We know that it will have, in order to be able to filter it, there's a filter field on the packed items and the unpacked items, so we can set that up as well. Observable and we'll say that.
>> Steve Kinney: UnpackedItemsFilter is an empty string.
>> Steve Kinney: And we'll do that for the packed items as well.

Cuz what we'll do is, basically generate new arrays based on the content of that filter, where it literally filters through all the items, and see if the name matches what's in there. So we'll kinda get filtering for free, in exactly the way that we would just do it in a regular JavaScript object.

So then, we've gotta figure out what our packed items are and our unpacked items are. And we only wanna regenerate this list when that array changes at all. So I can actually say, we make a computer property, and we'll say, get packedItems. And if this feels like just regular JavaScript, that's good.
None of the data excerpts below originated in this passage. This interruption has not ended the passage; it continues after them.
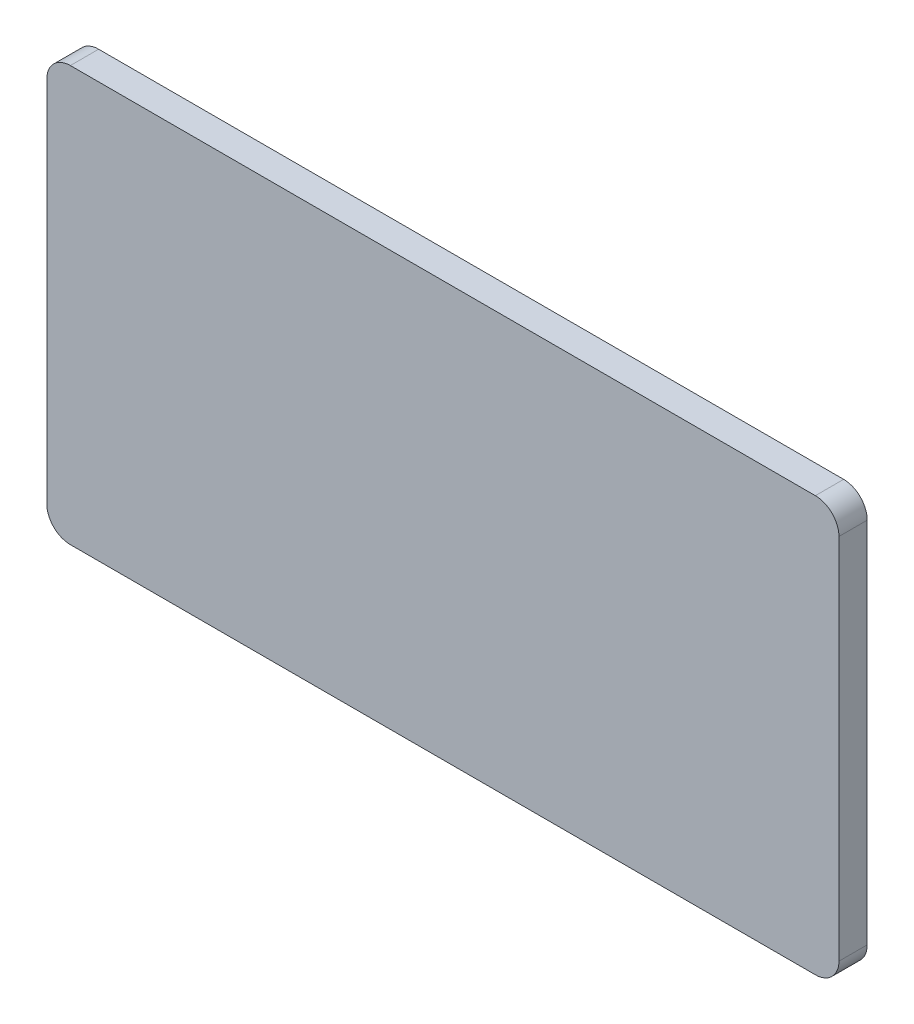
ISO-10303-21;
HEADER;
FILE_DESCRIPTION(('STEP AP214'),'2;1');
FILE_NAME('part.step','',(''),(''),'','','');
FILE_SCHEMA(('AUTOMOTIVE_DESIGN { 1 0 10303 214 1 1 1 1 }'));
ENDSEC;
DATA;
#1=APPLICATION_CONTEXT('core data for automotive mechanical design processes');
#2=APPLICATION_PROTOCOL_DEFINITION('international standard','automotive_design',2000,#1);
#3=PRODUCT_CONTEXT('',#1,'mechanical');
#4=PRODUCT('Part','Part','',(#3));
#5=PRODUCT_RELATED_PRODUCT_CATEGORY('part','',(#4));
#6=PRODUCT_DEFINITION_FORMATION('','',#4);
#7=PRODUCT_DEFINITION_CONTEXT('part definition',#1,'design');
#8=PRODUCT_DEFINITION('design','',#6,#7);
#9=PRODUCT_DEFINITION_SHAPE('','',#8);
#10=(LENGTH_UNIT() NAMED_UNIT(*) SI_UNIT(.MILLI.,.METRE.));
#11=(NAMED_UNIT(*) PLANE_ANGLE_UNIT() SI_UNIT($,.RADIAN.));
#12=(NAMED_UNIT(*) SI_UNIT($,.STERADIAN.) SOLID_ANGLE_UNIT());
#13=UNCERTAINTY_MEASURE_WITH_UNIT(LENGTH_MEASURE(1.E-05),#10,'distance_accuracy_value','');
#14=(GEOMETRIC_REPRESENTATION_CONTEXT(3) GLOBAL_UNCERTAINTY_ASSIGNED_CONTEXT((#13)) GLOBAL_UNIT_ASSIGNED_CONTEXT((#10,
#11,#12)) REPRESENTATION_CONTEXT('',''));
#15=CARTESIAN_POINT('',(0.,0.,0.));
#16=DIRECTION('',(0.,0.,1.));
#17=DIRECTION('',(1.,0.,0.));
#18=AXIS2_PLACEMENT_3D('',#15,#16,#17);
#19=CARTESIAN_POINT('',(-39.5,104.5,0.));
#20=DIRECTION('',(0.,0.,-1.));
#21=DIRECTION('',(-1.,0.,0.));
#22=AXIS2_PLACEMENT_3D('',#19,#20,#21);
#23=PLANE('',#22);
#24=CARTESIAN_POINT('',(-39.5,104.5,0.));
#25=DIRECTION('',(0.,0.,1.));
#26=DIRECTION('',(-1.,0.,0.));
#27=AXIS2_PLACEMENT_3D('',#24,#25,#26);
#28=CIRCLE('',#27,2.5);
#29=CARTESIAN_POINT('',(-39.5,107.,0.));
#30=VERTEX_POINT('',#29);
#31=CARTESIAN_POINT('',(-42.,104.5,0.));
#32=VERTEX_POINT('',#31);
#33=EDGE_CURVE('E146',#30,#32,#28,.T.);
#34=ORIENTED_EDGE('',*,*,#33,.F.);
#35=DIRECTION('',(-1.,0.,0.));
#36=VECTOR('',#35,1.);
#37=CARTESIAN_POINT('',(-39.5,107.,0.));
#38=LINE('',#37,#36);
#39=CARTESIAN_POINT('',(39.5,107.,0.));
#40=VERTEX_POINT('',#39);
#41=EDGE_CURVE('E94',#40,#30,#38,.T.);
#42=ORIENTED_EDGE('',*,*,#41,.F.);
#43=CARTESIAN_POINT('',(39.5,104.5,0.));
#44=DIRECTION('',(0.,0.,1.));
#45=DIRECTION('',(1.,0.,0.));
#46=AXIS2_PLACEMENT_3D('',#43,#44,#45);
#47=CIRCLE('',#46,2.5);
#48=CARTESIAN_POINT('',(42.,104.5,0.));
#49=VERTEX_POINT('',#48);
#50=EDGE_CURVE('E159',#49,#40,#47,.T.);
#51=ORIENTED_EDGE('',*,*,#50,.F.);
#52=DIRECTION('',(0.,1.,0.));
#53=VECTOR('',#52,1.);
#54=CARTESIAN_POINT('',(42.,104.5,0.));
#55=LINE('',#54,#53);
#56=CARTESIAN_POINT('',(42.,65.5,0.));
#57=VERTEX_POINT('',#56);
#58=EDGE_CURVE('E134',#57,#49,#55,.T.);
#59=ORIENTED_EDGE('',*,*,#58,.F.);
#60=CARTESIAN_POINT('',(39.5,65.5,0.));
#61=DIRECTION('',(0.,0.,1.));
#62=DIRECTION('',(1.,0.,0.));
#63=AXIS2_PLACEMENT_3D('',#60,#61,#62);
#64=CIRCLE('',#63,2.5);
#65=CARTESIAN_POINT('',(39.5,63.,0.));
#66=VERTEX_POINT('',#65);
#67=EDGE_CURVE('E156',#66,#57,#64,.T.);
#68=ORIENTED_EDGE('',*,*,#67,.F.);
#69=DIRECTION('',(1.,0.,0.));
#70=VECTOR('',#69,1.);
#71=CARTESIAN_POINT('',(-39.5,63.,0.));
#72=LINE('',#71,#70);
#73=CARTESIAN_POINT('',(-39.5,63.,0.));
#74=VERTEX_POINT('',#73);
#75=EDGE_CURVE('E154',#74,#66,#72,.T.);
#76=ORIENTED_EDGE('',*,*,#75,.F.);
#77=CARTESIAN_POINT('',(-39.5,65.5,0.));
#78=DIRECTION('',(0.,0.,1.));
#79=DIRECTION('',(1.,0.,0.));
#80=AXIS2_PLACEMENT_3D('',#77,#78,#79);
#81=CIRCLE('',#80,2.5);
#82=CARTESIAN_POINT('',(-42.,65.5,0.));
#83=VERTEX_POINT('',#82);
#84=EDGE_CURVE('E152',#83,#74,#81,.T.);
#85=ORIENTED_EDGE('',*,*,#84,.F.);
#86=DIRECTION('',(0.,-1.,0.));
#87=VECTOR('',#86,1.);
#88=CARTESIAN_POINT('',(-42.,104.5,0.));
#89=LINE('',#88,#87);
#90=EDGE_CURVE('E149',#32,#83,#89,.T.);
#91=ORIENTED_EDGE('',*,*,#90,.F.);
#92=EDGE_LOOP('',(#34,#42,#51,#59,#68,#76,#85,#91));
#93=FACE_BOUND('',#92,.T.);
#94=DIRECTION('',(1.,0.,0.));
#95=VECTOR('',#94,1.);
#96=CARTESIAN_POINT('',(33.9,100.4,0.));
#97=LINE('',#96,#95);
#98=CARTESIAN_POINT('',(-33.9,100.4,0.));
#99=VERTEX_POINT('',#98);
#100=CARTESIAN_POINT('',(33.9,100.4,0.));
#101=VERTEX_POINT('',#100);
#102=EDGE_CURVE('E234',#99,#101,#97,.T.);
#103=ORIENTED_EDGE('',*,*,#102,.F.);
#104=CARTESIAN_POINT('',(-33.9,97.9,0.));
#105=DIRECTION('',(0.,0.,-1.));
#106=DIRECTION('',(1.,0.,0.));
#107=AXIS2_PLACEMENT_3D('',#104,#105,#106);
#108=CIRCLE('',#107,2.5);
#109=CARTESIAN_POINT('',(-36.4,97.9,0.));
#110=VERTEX_POINT('',#109);
#111=EDGE_CURVE('E237',#110,#99,#108,.T.);
#112=ORIENTED_EDGE('',*,*,#111,.F.);
#113=DIRECTION('',(0.,1.,0.));
#114=VECTOR('',#113,1.);
#115=CARTESIAN_POINT('',(-36.4,97.9,0.));
#116=LINE('',#115,#114);
#117=CARTESIAN_POINT('',(-36.4,76.9,0.));
#118=VERTEX_POINT('',#117);
#119=EDGE_CURVE('E217',#118,#110,#116,.T.);
#120=ORIENTED_EDGE('',*,*,#119,.F.);
#121=CARTESIAN_POINT('',(-33.9,76.9,0.));
#122=DIRECTION('',(0.,0.,-1.));
#123=DIRECTION('',(-1.,0.,0.));
#124=AXIS2_PLACEMENT_3D('',#121,#122,#123);
#125=CIRCLE('',#124,2.5);
#126=CARTESIAN_POINT('',(-33.9,74.4,0.));
#127=VERTEX_POINT('',#126);
#128=EDGE_CURVE('E220',#127,#118,#125,.T.);
#129=ORIENTED_EDGE('',*,*,#128,.F.);
#130=DIRECTION('',(-1.,0.,0.));
#131=VECTOR('',#130,1.);
#132=CARTESIAN_POINT('',(33.9,74.4,0.));
#133=LINE('',#132,#131);
#134=CARTESIAN_POINT('',(33.9,74.4,0.));
#135=VERTEX_POINT('',#134);
#136=EDGE_CURVE('E222',#135,#127,#133,.T.);
#137=ORIENTED_EDGE('',*,*,#136,.F.);
#138=CARTESIAN_POINT('',(33.9,76.9,0.));
#139=DIRECTION('',(0.,0.,-1.));
#140=DIRECTION('',(-1.,0.,0.));
#141=AXIS2_PLACEMENT_3D('',#138,#139,#140);
#142=CIRCLE('',#141,2.5);
#143=CARTESIAN_POINT('',(36.4,76.9,0.));
#144=VERTEX_POINT('',#143);
#145=EDGE_CURVE('E225',#144,#135,#142,.T.);
#146=ORIENTED_EDGE('',*,*,#145,.F.);
#147=DIRECTION('',(0.,-1.,0.));
#148=VECTOR('',#147,1.);
#149=CARTESIAN_POINT('',(36.4,97.9,0.));
#150=LINE('',#149,#148);
#151=CARTESIAN_POINT('',(36.4,97.9,0.));
#152=VERTEX_POINT('',#151);
#153=EDGE_CURVE('E228',#152,#144,#150,.T.);
#154=ORIENTED_EDGE('',*,*,#153,.F.);
#155=CARTESIAN_POINT('',(33.9,97.9,0.));
#156=DIRECTION('',(0.,0.,-1.));
#157=DIRECTION('',(-1.,0.,0.));
#158=AXIS2_PLACEMENT_3D('',#155,#156,#157);
#159=CIRCLE('',#158,2.5);
#160=EDGE_CURVE('E231',#101,#152,#159,.T.);
#161=ORIENTED_EDGE('',*,*,#160,.F.);
#162=EDGE_LOOP('',(#103,#112,#120,#129,#137,#146,#154,#161));
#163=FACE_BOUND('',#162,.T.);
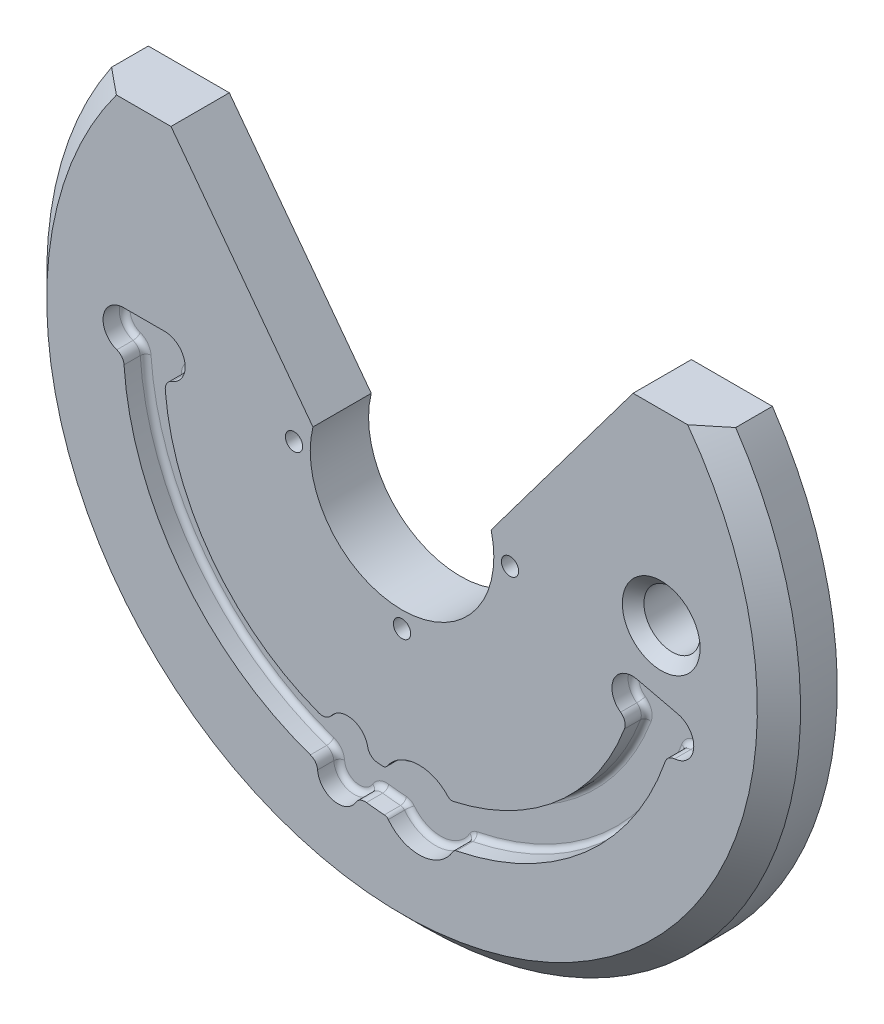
ISO-10303-21;
HEADER;
FILE_DESCRIPTION(('STEP AP214'),'2;1');
FILE_NAME('part.step','',(''),(''),'','','');
FILE_SCHEMA(('AUTOMOTIVE_DESIGN { 1 0 10303 214 1 1 1 1 }'));
ENDSEC;
DATA;
#1=APPLICATION_CONTEXT('core data for automotive mechanical design processes');
#2=APPLICATION_PROTOCOL_DEFINITION('international standard','automotive_design',2000,#1);
#3=PRODUCT_CONTEXT('',#1,'mechanical');
#4=PRODUCT('Part','Part','',(#3));
#5=PRODUCT_RELATED_PRODUCT_CATEGORY('part','',(#4));
#6=PRODUCT_DEFINITION_FORMATION('','',#4);
#7=PRODUCT_DEFINITION_CONTEXT('part definition',#1,'design');
#8=PRODUCT_DEFINITION('design','',#6,#7);
#9=PRODUCT_DEFINITION_SHAPE('','',#8);
#10=(LENGTH_UNIT() NAMED_UNIT(*) SI_UNIT(.MILLI.,.METRE.));
#11=(NAMED_UNIT(*) PLANE_ANGLE_UNIT() SI_UNIT($,.RADIAN.));
#12=(NAMED_UNIT(*) SI_UNIT($,.STERADIAN.) SOLID_ANGLE_UNIT());
#13=UNCERTAINTY_MEASURE_WITH_UNIT(LENGTH_MEASURE(1.E-05),#10,'distance_accuracy_value','');
#14=(GEOMETRIC_REPRESENTATION_CONTEXT(3) GLOBAL_UNCERTAINTY_ASSIGNED_CONTEXT((#13)) GLOBAL_UNIT_ASSIGNED_CONTEXT((#10,
#11,#12)) REPRESENTATION_CONTEXT('',''));
#15=CARTESIAN_POINT('',(0.,0.,0.));
#16=DIRECTION('',(0.,0.,1.));
#17=DIRECTION('',(1.,0.,0.));
#18=AXIS2_PLACEMENT_3D('',#15,#16,#17);
#19=CARTESIAN_POINT('',(0.,0.,5.4));
#20=DIRECTION('',(0.,0.,1.));
#21=DIRECTION('',(1.,0.,0.));
#22=AXIS2_PLACEMENT_3D('',#19,#20,#21);
#23=PLANE('',#22);
#24=CARTESIAN_POINT('',(23.9971351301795,2.22800969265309,5.4));
#25=DIRECTION('',(0.,0.,1.));
#26=DIRECTION('',(1.,0.,0.));
#27=AXIS2_PLACEMENT_3D('',#24,#25,#26);
#28=CIRCLE('',#27,3.6);
#29=CARTESIAN_POINT('',(27.5971351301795,2.22800969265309,5.4));
#30=VERTEX_POINT('',#29);
#31=EDGE_CURVE('E660',#30,#30,#28,.F.);
#32=ORIENTED_EDGE('',*,*,#31,.T.);
#33=EDGE_LOOP('',(#32));
#34=FACE_BOUND('',#33,.T.);
#35=DIRECTION('',(-1.,0.,0.));
#36=VECTOR('',#35,1.);
#37=CARTESIAN_POINT('',(0.,19.5750825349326,5.4));
#38=LINE('',#37,#36);
#39=CARTESIAN_POINT('',(-21.3933581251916,19.5750825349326,5.4));
#40=VERTEX_POINT('',#39);
#41=CARTESIAN_POINT('',(-26.4428845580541,19.5750825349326,5.4));
#42=VERTEX_POINT('',#41);
#43=EDGE_CURVE('E523',#40,#42,#38,.T.);
#44=ORIENTED_EDGE('',*,*,#43,.T.);
#45=CARTESIAN_POINT('',(0.,0.,5.4));
#46=DIRECTION('',(0.,0.,1.));
#47=DIRECTION('',(1.,0.,0.));
#48=AXIS2_PLACEMENT_3D('',#45,#46,#47);
#49=CIRCLE('',#48,32.9);
#50=CARTESIAN_POINT('',(26.4428845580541,19.5750825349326,5.4));
#51=VERTEX_POINT('',#50);
#52=EDGE_CURVE('E867',#42,#51,#49,.T.);
#53=ORIENTED_EDGE('',*,*,#52,.T.);
#54=DIRECTION('',(-1.,0.,0.));
#55=VECTOR('',#54,1.);
#56=CARTESIAN_POINT('',(0.,19.5750825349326,5.4));
#57=LINE('',#56,#55);
#58=CARTESIAN_POINT('',(21.3933581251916,19.5750825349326,5.4));
#59=VERTEX_POINT('',#58);
#60=EDGE_CURVE('E526',#51,#59,#57,.T.);
#61=ORIENTED_EDGE('',*,*,#60,.T.);
#62=DIRECTION('',(-0.599906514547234,-0.800070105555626,0.));
#63=VECTOR('',#62,1.);
#64=CARTESIAN_POINT('',(4.29875008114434,-3.22327776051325,5.4));
#65=LINE('',#64,#63);
#66=CARTESIAN_POINT('',(8.25,2.04633819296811,5.4));
#67=VERTEX_POINT('',#66);
#68=EDGE_CURVE('E520',#59,#67,#65,.T.);
#69=ORIENTED_EDGE('',*,*,#68,.T.);
#70=CARTESIAN_POINT('',(0.,0.,5.4));
#71=DIRECTION('',(0.,0.,1.));
#72=DIRECTION('',(1.,0.,0.));
#73=AXIS2_PLACEMENT_3D('',#70,#71,#72);
#74=CIRCLE('',#73,8.5);
#75=CARTESIAN_POINT('',(-8.25,2.04633819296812,5.4));
#76=VERTEX_POINT('',#75);
#77=EDGE_CURVE('E529',#76,#67,#74,.T.);
#78=ORIENTED_EDGE('',*,*,#77,.F.);
#79=DIRECTION('',(-0.599906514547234,0.800070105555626,0.));
#80=VECTOR('',#79,1.);
#81=CARTESIAN_POINT('',(-4.29875008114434,-3.22327776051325,5.4));
#82=LINE('',#81,#80);
#83=EDGE_CURVE('E517',#76,#40,#82,.T.);
#84=ORIENTED_EDGE('',*,*,#83,.T.);
#85=EDGE_LOOP('',(#44,#53,#61,#69,#78,#84));
#86=FACE_BOUND('',#85,.T.);
#87=CARTESIAN_POINT('',(19.6541068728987,-7.39703204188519,5.4));
#88=DIRECTION('',(0.,0.,-1.));
#89=DIRECTION('',(1.,0.,0.));
#90=AXIS2_PLACEMENT_3D('',#87,#88,#89);
#91=CIRCLE('',#90,0.999999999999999);
#92=CARTESIAN_POINT('',(20.2328119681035,-6.58149515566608,5.4));
#93=VERTEX_POINT('',#92);
#94=CARTESIAN_POINT('',(20.5900167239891,-7.74927166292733,5.4));
#95=VERTEX_POINT('',#94);
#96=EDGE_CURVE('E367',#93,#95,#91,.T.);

This .items, not just a state nothing, right? This is .item's a filter, the item, and look and see if it's packed
>> Steve Kinney: Cool, all right, so what are unpacked items? Well, they're kind of the opposite of that. But what I'm gonna do is, I could filter for not being packed, but I can also create an API that kinda makes me happy and inspires joy.

I can say, unpacked, right? Because that can be a computed property on the item, we just have priorities packed, unpacked. We did this, in the kinda prequel course where we had the valid, invalid, we had to getters to this. So, we can create code that's incredibly readable, and if we wanna see which ones are filtered, a computer a property can rely on another computed property.

So we can say, computed, and we'll say, get filteredUnpackedList. Let's do this in the right order, filteredPackedList, and that is simply gonna return, this.packedItems.filter.
>> Steve Kinney: And that'll be, if the item's value includes this.unpackedItemsFilter. So basically, we're kind of building computer properties on top of each other. So we have a list of items, we have the ability to get which ones are packed and which ones are unpacked, we have a string for what value we're searching for, right?

And we can begin to build these, so that outside of our JavaScript object, and this is also super easy to unit test, you put some objects in there with some properties, you can write the unit test. And all of our, or you'll all be like, how can we derive from that?

So we do the same thing with unpacked. So filtered.UnPackedList, unpacked, this is packed. Cool, good thing I didn't type that separately, cuz I wouldn't have caught that one. Cool, so we have all of that in place, we'll probably, let's just create a few more. And you're gonna see me do something here that I haven't talked about yet, which is this action.bound.

And this is effectively, we saw there was an auto bind or a bind this that I joked about before, this will effectively give us that, so when we use it in our React application it knows what this is. This is the same thing, it's doing this.whatever equals this whatever, buying this, we're using arrow functions, so on and so forth.

>> Steve Kinney: So we can do a few of these, let's do updatePackedItemsFilter
>> Steve Kinney: And all that is gonna do is, say.
>> Steve Kinney: This.packedItemsFilter equals whatever the new value is.
>> Steve Kinney: This for unpacked as well.
>> Steve Kinney: Cool, and then, it'd be awesome if we could make a simple helper for adding and removing items, right?

So we could say, action. We're gonna need to do the item itself action.bound. Let's just start with adding items, let's not worry about removing items just yet, cuz it's, spoiler alert, roughly the same. Add items, whatever that item is. And what I'm gonna do is, I'm gonna leave this out cuz I don't actually have that yet, the ability to create a new item.

So we'll just leave that as a kind of placeholder for now. All right, so this is the way of collecting them, it's gonna have an array of items, it can filter them, it can sort them into packed and unpacked. Again, other than a healthy dose of decorators everywhere, you'll notice that it's effectively like a regular JavaScript class.

The decorators are the important part, I don't wanna undersell it.